◆ Exercise ◆
Omit every picture, then return the listing verbatim.

◆ Source data ◆
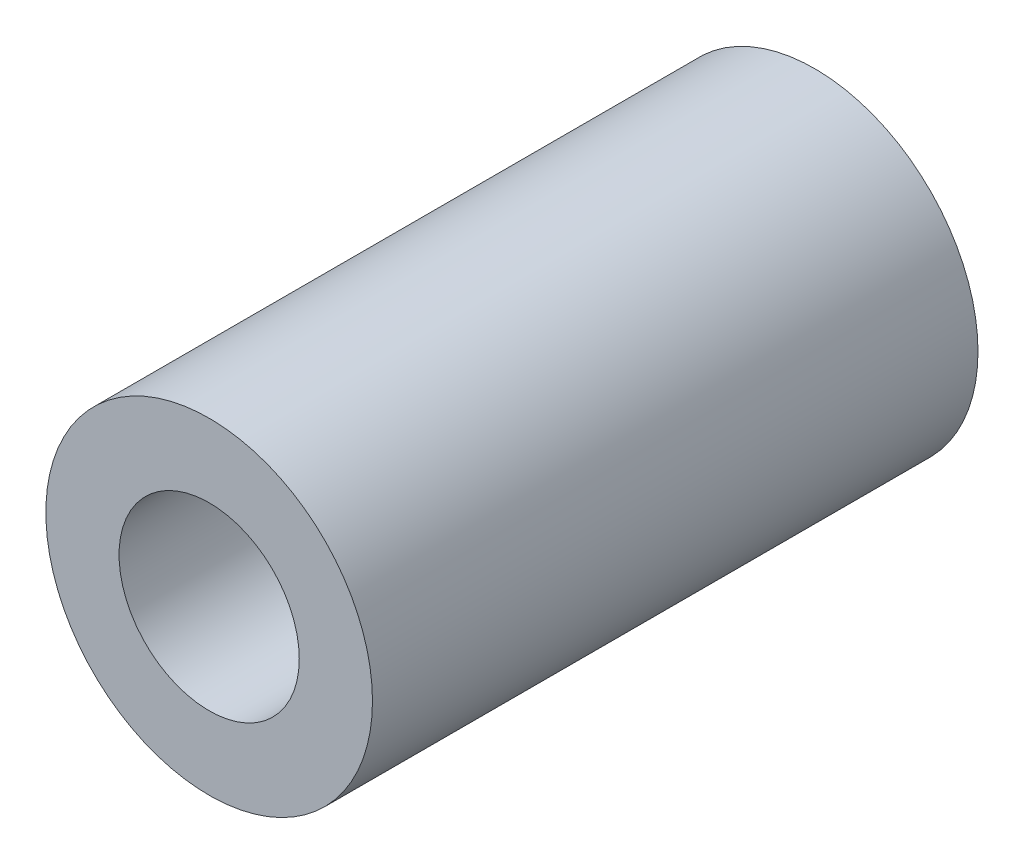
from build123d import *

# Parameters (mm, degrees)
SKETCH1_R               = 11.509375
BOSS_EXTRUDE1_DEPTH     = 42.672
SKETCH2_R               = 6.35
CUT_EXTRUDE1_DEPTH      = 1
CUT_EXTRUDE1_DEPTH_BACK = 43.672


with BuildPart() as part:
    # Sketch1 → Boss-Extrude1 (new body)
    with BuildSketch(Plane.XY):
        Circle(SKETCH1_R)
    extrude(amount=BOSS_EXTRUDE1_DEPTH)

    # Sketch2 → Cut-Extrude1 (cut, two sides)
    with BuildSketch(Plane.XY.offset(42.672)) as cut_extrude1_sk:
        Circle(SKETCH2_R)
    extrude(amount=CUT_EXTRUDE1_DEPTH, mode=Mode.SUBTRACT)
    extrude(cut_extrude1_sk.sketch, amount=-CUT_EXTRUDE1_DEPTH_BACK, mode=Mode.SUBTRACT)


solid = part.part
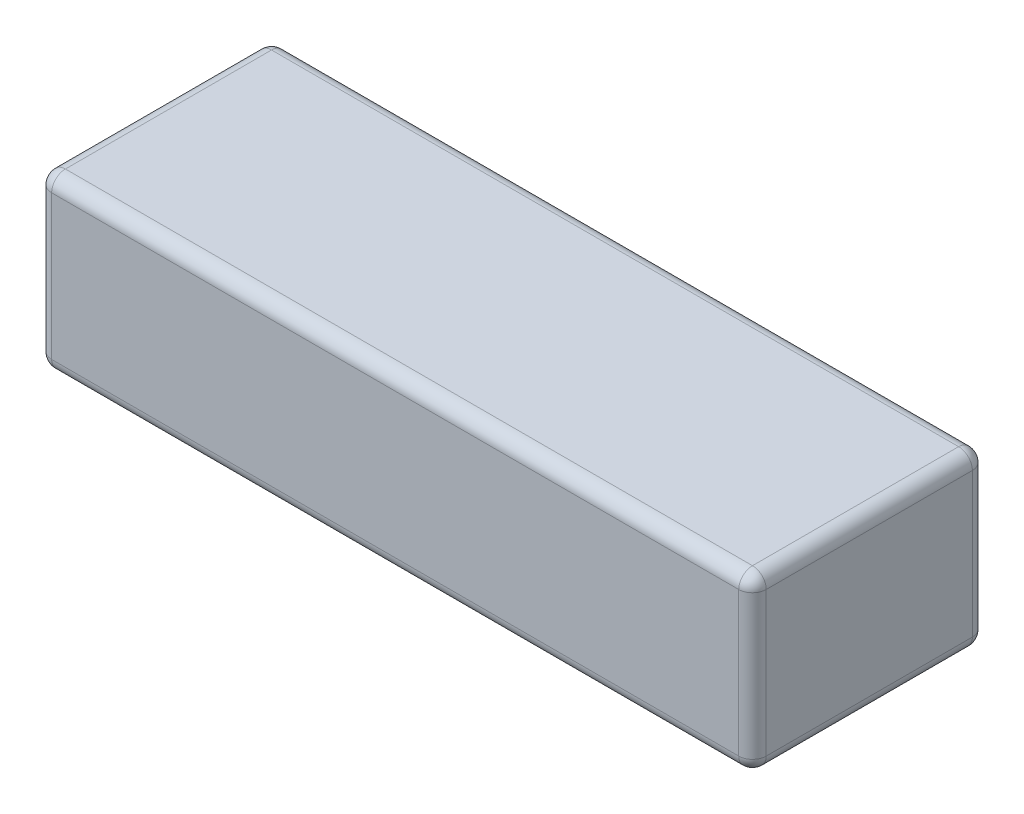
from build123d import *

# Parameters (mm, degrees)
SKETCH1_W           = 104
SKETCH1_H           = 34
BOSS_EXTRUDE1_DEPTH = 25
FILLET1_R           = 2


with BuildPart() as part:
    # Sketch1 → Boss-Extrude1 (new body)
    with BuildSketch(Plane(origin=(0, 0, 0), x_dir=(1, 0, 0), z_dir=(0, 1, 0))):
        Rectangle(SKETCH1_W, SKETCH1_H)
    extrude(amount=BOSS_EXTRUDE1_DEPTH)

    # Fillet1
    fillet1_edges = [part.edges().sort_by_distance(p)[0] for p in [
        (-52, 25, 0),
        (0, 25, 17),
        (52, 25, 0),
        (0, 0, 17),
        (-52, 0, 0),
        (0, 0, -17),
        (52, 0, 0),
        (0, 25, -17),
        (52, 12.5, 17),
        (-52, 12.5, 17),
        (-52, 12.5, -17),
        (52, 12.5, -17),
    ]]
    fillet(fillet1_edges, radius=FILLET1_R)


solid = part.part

◆ Result for this exercise ◆
from build123d import *

# Parameters (mm, degrees)
SKETCH1_R               = 11.509375
BOSS_EXTRUDE1_DEPTH     = 42.672
SKETCH2_R               = 6.35
CUT_EXTRUDE1_DEPTH      = 1
CUT_EXTRUDE1_DEPTH_BACK = 43.672


with BuildPart() as part:
    # Sketch1 → Boss-Extrude1 (new body)
    with BuildSketch(Plane.XY):
        Circle(SKETCH1_R)
    extrude(amount=BOSS_EXTRUDE1_DEPTH)

    # Sketch2 → Cut-Extrude1 (cut, two sides)
    with BuildSketch(Plane.XY.offset(42.672)) as cut_extrude1_sk:
        Circle(SKETCH2_R)
    extrude(amount=CUT_EXTRUDE1_DEPTH, mode=Mode.SUBTRACT)
    extrude(cut_extrude1_sk.sketch, amount=-CUT_EXTRUDE1_DEPTH_BACK, mode=Mode.SUBTRACT)


solid = part.part
from build123d import *

# Parameters (mm, degrees)
SKETCH1_W           = 104
SKETCH1_H           = 34
BOSS_EXTRUDE1_DEPTH = 25
FILLET1_R           = 2


with BuildPart() as part:
    # Sketch1 → Boss-Extrude1 (new body)
    with BuildSketch(Plane(origin=(0, 0, 0), x_dir=(1, 0, 0), z_dir=(0, 1, 0))):
        Rectangle(SKETCH1_W, SKETCH1_H)
    extrude(amount=BOSS_EXTRUDE1_DEPTH)

    # Fillet1
    fillet1_edges = [part.edges().sort_by_distance(p)[0] for p in [
        (-52, 25, 0),
        (0, 25, 17),
        (52, 25, 0),
        (0, 0, 17),
        (-52, 0, 0),
        (0, 0, -17),
        (52, 0, 0),
        (0, 25, -17),
        (52, 12.5, 17),
        (-52, 12.5, 17),
        (-52, 12.5, -17),
        (52, 12.5, -17),
    ]]
    fillet(fillet1_edges, radius=FILLET1_R)


solid = part.part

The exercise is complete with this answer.